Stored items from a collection

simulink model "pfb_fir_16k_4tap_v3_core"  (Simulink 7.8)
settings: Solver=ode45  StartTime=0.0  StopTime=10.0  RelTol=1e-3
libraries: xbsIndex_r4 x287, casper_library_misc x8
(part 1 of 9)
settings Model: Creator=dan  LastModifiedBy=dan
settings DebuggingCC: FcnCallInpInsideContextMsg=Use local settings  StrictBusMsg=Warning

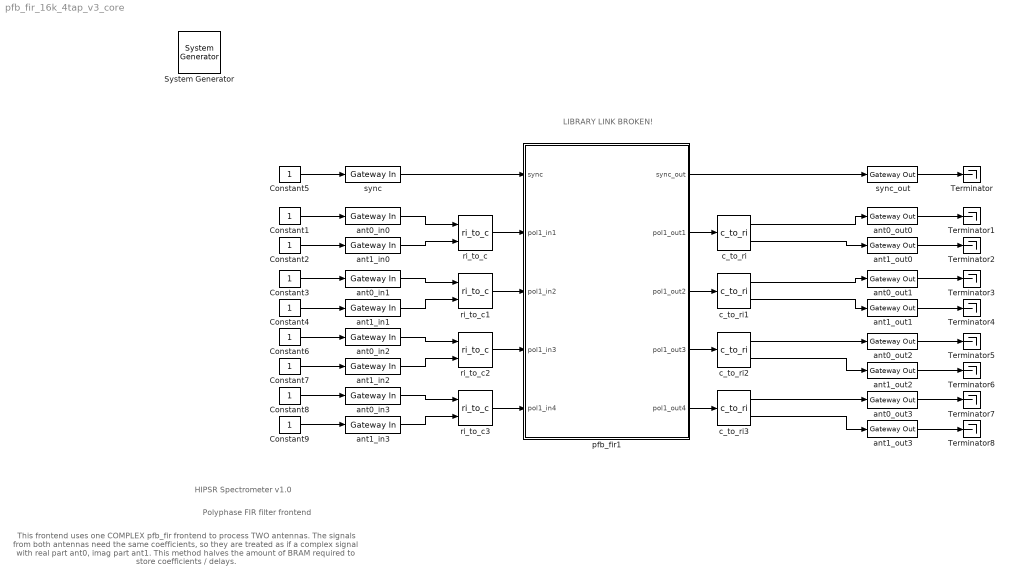
== system pfb_fir_16k_4tap_v3_core ==
  note: Polyphase FIR filter frontend
  note: HIPSR Spectrometer v1.0
  note: This frontend uses one COMPLEX pfb_fir frontend to process TWO antennas.
      | The signals from both antennas need the same coefficients, so they are
      | treated as if a complex signal with real part ant0, imag part ant1.
      | This method halves the amount of BRAM required to store coefficients / delays.
  note: LIBRARY LINK BROKEN!
  " System Generator" : xbsIndex_r4/ System Generator  Tag=genX  xilinxfamily=virtex5  part=xc5vsx95t  speed=-1  package=ff1136  synthesis_tool=XST  clock_wrapper=Clock Enables  directory=/designs/dan/parkes/bb/xb_pfb_fir_16k_4tap_core  proj_type=Project Navigator  Synth_file=XST Defaults  Impl_file=ISE Defaults  testbench=off  simulink_period=1  sysclk_period=10  dcm_input_clock_period=10  incr_netlist=off  trim_vbits=Everywhere in SubSystem  dbl_ovrd=According to Block Masks  core_generation=According to Block Masks  run_coregen=off  deprecated_control=off  eval_field=0  block_type=sysgen
      settings: block_version=11.4
  Constant{1..9} (9 alike) : Constant
  Terminator{,1..8} (9 alike) : Terminator
  ant0_in{0..3} (4 alike) : xbsIndex_r4/Gateway In  gui_display_data_type=Fixed-point  arith_type="Signed  (2's comp)"  n_bits=8  bin_pt=7  preci_type=Single  exp_width=8  frac_width=24  quantization="Round  (unbiased: +/- Inf)"  overflow=Saturate  period=1  dbl_ovrd=off  timing_constraint=None  locs_specified=off  LOCs={}  inherit_from_input=off  UseAsADC=off  ADCChannel='1'  hdl_port=on  block_type=gatewayin
      settings: infoedit="Gateway in block.  Converts inputs of type Simulink integer, double and fixed point to  Xilinx fixed point type.<br><br>Hardware notes:  In hardware these blocks become top level input ports."  block_version=11.4
  ant0_out{0..3} (4 alike) : xbsIndex_r4/Gateway Out  inherit_from_input=off  hdl_port=on  timing_constraint=None  locs_specified=off  LOCs={}  UseAsDAC=off  DACChannel='1'  block_type=gatewayout
      settings: infoedit="Gateway out block.  Converts Xilinx fixed point inputs into ouputs of type Simulink integer, double, or fixed point.<br><br>Hardware notes:  In hardware these blocks become top level output ports or are discarded, depending on how they are configured."  block_version=11.4
  ant1_in{0..3} (4 alike) : xbsIndex_r4/Gateway In  gui_display_data_type=Fixed-point  arith_type="Signed  (2's comp)"  n_bits=8  bin_pt=7  preci_type=Single  exp_width=8  frac_width=24  quantization="Round  (unbiased: +/- Inf)"  overflow=Saturate  period=1  dbl_ovrd=off  timing_constraint=None  locs_specified=off  LOCs={}  inherit_from_input=off  UseAsADC=off  ADCChannel='1'  hdl_port=on  block_type=gatewayin
      settings: infoedit="Gateway in block.  Converts inputs of type Simulink integer, double and fixed point to  Xilinx fixed point type.<br><br>Hardware notes:  In hardware these blocks become top level input ports."  block_version=11.4
  ant1_out{0..3} (4 alike) : xbsIndex_r4/Gateway Out  inherit_from_input=off  hdl_port=on  timing_constraint=None  locs_specified=off  LOCs={}  UseAsDAC=off  DACChannel='1'  block_type=gatewayout
      settings: infoedit="Gateway out block.  Converts Xilinx fixed point inputs into ouputs of type Simulink integer, double, or fixed point.<br><br>Hardware notes:  In hardware these blocks become top level output ports or are discarded, depending on how they are configured."  block_version=11.4
  c_to_ri{,1..3} (4 alike) : casper_library_misc/c_to_ri  n_bits=18  bin_pt=17
  pfb_fir1 : Subsystem  AncestorBlock=xblocks_library_pfbs/pfb_fir  mask(pfb_fir){PFBSize=14, TotalTaps=4, WindowType=hamming, n_inputs=2, MakeBiplex=off, BitWidthIn=8, BitWidthOut=18, CoeffBitWidth=18, CoeffDistMem=off, add_latency=2, mult_latency=3, bram_latency=3, quantization=Round  (unbiased: +/- Inf), fwidth=1, specify_mult=off, mult_spec=[2                                      2]}
      mask prompts: PFBSize "Size of PFB: (2^? pnts)"; TotalTaps "Total Number of Taps:"; WindowType "Windowing Function:"; n_inputs "Number of Simultaneous Inputs: (2^?)"; MakeBiplex "Make Biplex"; BitWidthIn "Input Bitwidth:"; BitWidthOut "Output Bitwidth:"; CoeffBitWidth "Coefficient Bitwidth:"; CoeffDistMem "Use Distributed Memory for Coeffs"; add_latency "Add Latency"; mult_latency "Mult Latency"; bram_latency "BRAM Latency"; quantization "Quantization Behavior"; fwidth "Bin Width Scaling (normal=1)"; specify_mult "Specify multiplier use (behavioral if not specified)"; mult_spec "Multiplier specification (0=core, 1=embedded, 2=behavioural) (left=1st tap)"
      mask init:
      | config.source = str2func('pfb_fir_init_xblock');
      | config.toplevel = gcb;
      | config.depend = get_dependlist('pfb_fir');
      | set_param(gcb,'LinkStatus','inactive');
      | xBlock(config,{config.toplevel, ...
      |     'PFBSize', PFBSize, ...
      |     'TotalTaps', TotalTaps, ...
      |     'WindowType', WindowType, ...
      |     'n_inputs', n_inputs, ...
      |     'MakeBiplex', MakeBiplex, ...
      |     'BitWidthIn', BitWidthIn, ...
      |     'BitWidthOut', BitWidthOut, ...
      |     'CoeffBitWidth', CoeffBitWidth, ...
      |     'CoeffDistMem', CoeffDistMem, ...
      |     'add_latency', add_latency, ...
      |     'mult_latency', mult_latency, ...
      |     'bram_latency', bram_latency, ...
      |     'quantization', quantization, ...
      |     'fwidth', fwidth,...
      |     'specify_mult', specify_mult,...
      |     'mult_spec', mult_spec});
      settings: AttributesFormatString=taps=4, add_latency=2
      mask Help: eval('xlWeb(''http://casper.berkeley.edu/wiki/Pfb_fir'')')
      mask StyleString: edit,edit,popup(bartlett|barthannwin|blackman|blackmanharris|bohamwin|chebwin|flattopwin|gausswin|hamming|hann|kaiser|nuttallwin|parzenwin|rectwin|tukeywin|triang|userwindow),edit,checkbox,edit,edit,edit,checkbox,edit,edit,edit,popup(Truncate|Round  (unbiased: +/- Inf)|Round  (unbiased: Even Values)),edit,checkbox,edit
      mask CallbackString:
      | |%num_taps = eval(get_param(gcb, 'TotalTaps'));
      | %old_vec = eval(get_param(gcb, 'mult_spec'));
      | 
      | %vec = 2.*ones(1,num_taps);
      | %old_size = length(old_vec);
      | 
      | %if(old_size <= num_taps),
      | %   new_size = old_size;
      | %else,
      | %    new_size = num_taps;
      | %end
      | 
      | %for n = 1:new_size, vec(n) = old_vec(n); end
      | %set_param(gcb, 'mult_spec', mat2str(vec));||||||||||||%num_taps = eval(get_param(gcb, 'TotalTaps'));
      | %old_vec = eval(get_param(gcb, 'mult_spec'));
      | 
      | %vec = 2.*ones(1,num_taps);
      | %old_size = length(old_vec);
      | 
      | %if(old_size <= num_taps),
      | %    new_size = old_size;
      | %else,
      | %    new_size = num_taps;
      | %end
      | 
      | %for n = 1:new_size, vec(n) = old_vec(n); end
      | %set_param(gcb, 'mult_spec', mat2str(vec));|%specify_mult = get_param(gcb,'specify_mult');
      | %if( strcmp(specify_mult,'off')),
      | %    set_param(gcb, 'MaskEnables', {'on','on','on','on','on','on','on','on','on','on','on','on','on','on','on','off'});
      | %else
      | %    set_param(gcb, 'MaskEnables', {'on','on','on','on','on','on','on','on','on','on','on','on','on','on','on','on'});
      | %end
      | 
      | |%specify_mult = get_param(gcb,'specify_mult');
      | %if( strcmp(specify_mult,'off')),
      | %    set_param(gcb, 'MaskEnables', {'on','on','on','on','on','on','on','on','on','on','on','on','on','on','on','off'});
      | %else
      | %    set_param(gcb, 'MaskEnables', {'on','on','on','on','on','on','on','on','on','on','on','on','on','on','on','on'});
      | %end
  ri_to_c{,1..3} (4 alike) : casper_library_misc/ri_to_c
  sync : xbsIndex_r4/Gateway In  gui_display_data_type=Fixed-point  arith_type=Boolean  n_bits=16  bin_pt=14  preci_type=Single  exp_width=8  frac_width=24  quantization="Round  (unbiased: +/- Inf)"  overflow=Saturate  period=1  dbl_ovrd=off  timing_constraint=None  locs_specified=off  LOCs={}  inherit_from_input=off  UseAsADC=off  ADCChannel='1'  hdl_port=on  block_type=gatewayin
      settings: infoedit="Gateway in block.  Converts inputs of type Simulink integer, double and fixed point to  Xilinx fixed point type.<br><br>Hardware notes:  In hardware these blocks become top level input ports."  block_version=11.4
  sync_out : xbsIndex_r4/Gateway Out  inherit_from_input=off  hdl_port=on  timing_constraint=None  locs_specified=off  LOCs={}  UseAsDAC=off  DACChannel='1'  block_type=gatewayout
      settings: infoedit="Gateway out block.  Converts Xilinx fixed point inputs into ouputs of type Simulink integer, double, or fixed point.<br><br>Hardware notes:  In hardware these blocks become top level output ports or are discarded, depending on how they are configured."  block_version=11.4
  wires:
  sync/1 -> pfb_fir1/1(sync)
  ri_to_c/1 -> pfb_fir1/2(pol1_in1)
  ri_to_c1/1 -> pfb_fir1/3(pol1_in2)
  ant0_in0/1 -> ri_to_c/1
  Constant5/1 -> sync/1
  Constant1/1 -> ant0_in0/1
  ant1_in0/1 -> ri_to_c/2
  ant0_in1/1 -> ri_to_c1/1
  ant1_in1/1 -> ri_to_c1/2
  Constant4/1 -> ant1_in1/1
  Constant3/1 -> ant0_in1/1
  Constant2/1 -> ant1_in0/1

◆ REQUIRED WORK: Identify the lines above with the word "overflow". Copy them.

◆ RESPONSE TO THE TASK:
  ant0_in{0..3} (4 alike) : xbsIndex_r4/Gateway In  gui_display_data_type=Fixed-point  arith_type="Signed  (2's comp)"  n_bits=8  bin_pt=7  preci_type=Single  exp_width=8  frac_width=24  quantization="Round  (unbiased: +/- Inf)"  overflow=Saturate  period=1  dbl_ovrd=off  timing_constraint=None  locs_specified=off  LOCs={}  inherit_from_input=off  UseAsADC=off  ADCChannel='1'  hdl_port=on  block_type=gatewayin
  ant1_in{0..3} (4 alike) : xbsIndex_r4/Gateway In  gui_display_data_type=Fixed-point  arith_type="Signed  (2's comp)"  n_bits=8  bin_pt=7  preci_type=Single  exp_width=8  frac_width=24  quantization="Round  (unbiased: +/- Inf)"  overflow=Saturate  period=1  dbl_ovrd=off  timing_constraint=None  locs_specified=off  LOCs={}  inherit_from_input=off  UseAsADC=off  ADCChannel='1'  hdl_port=on  block_type=gatewayin
  sync : xbsIndex_r4/Gateway In  gui_display_data_type=Fixed-point  arith_type=Boolean  n_bits=16  bin_pt=14  preci_type=Single  exp_width=8  frac_width=24  quantization="Round  (unbiased: +/- Inf)"  overflow=Saturate  period=1  dbl_ovrd=off  timing_constraint=None  locs_specified=off  LOCs={}  inherit_from_input=off  UseAsADC=off  ADCChannel='1'  hdl_port=on  block_type=gatewayin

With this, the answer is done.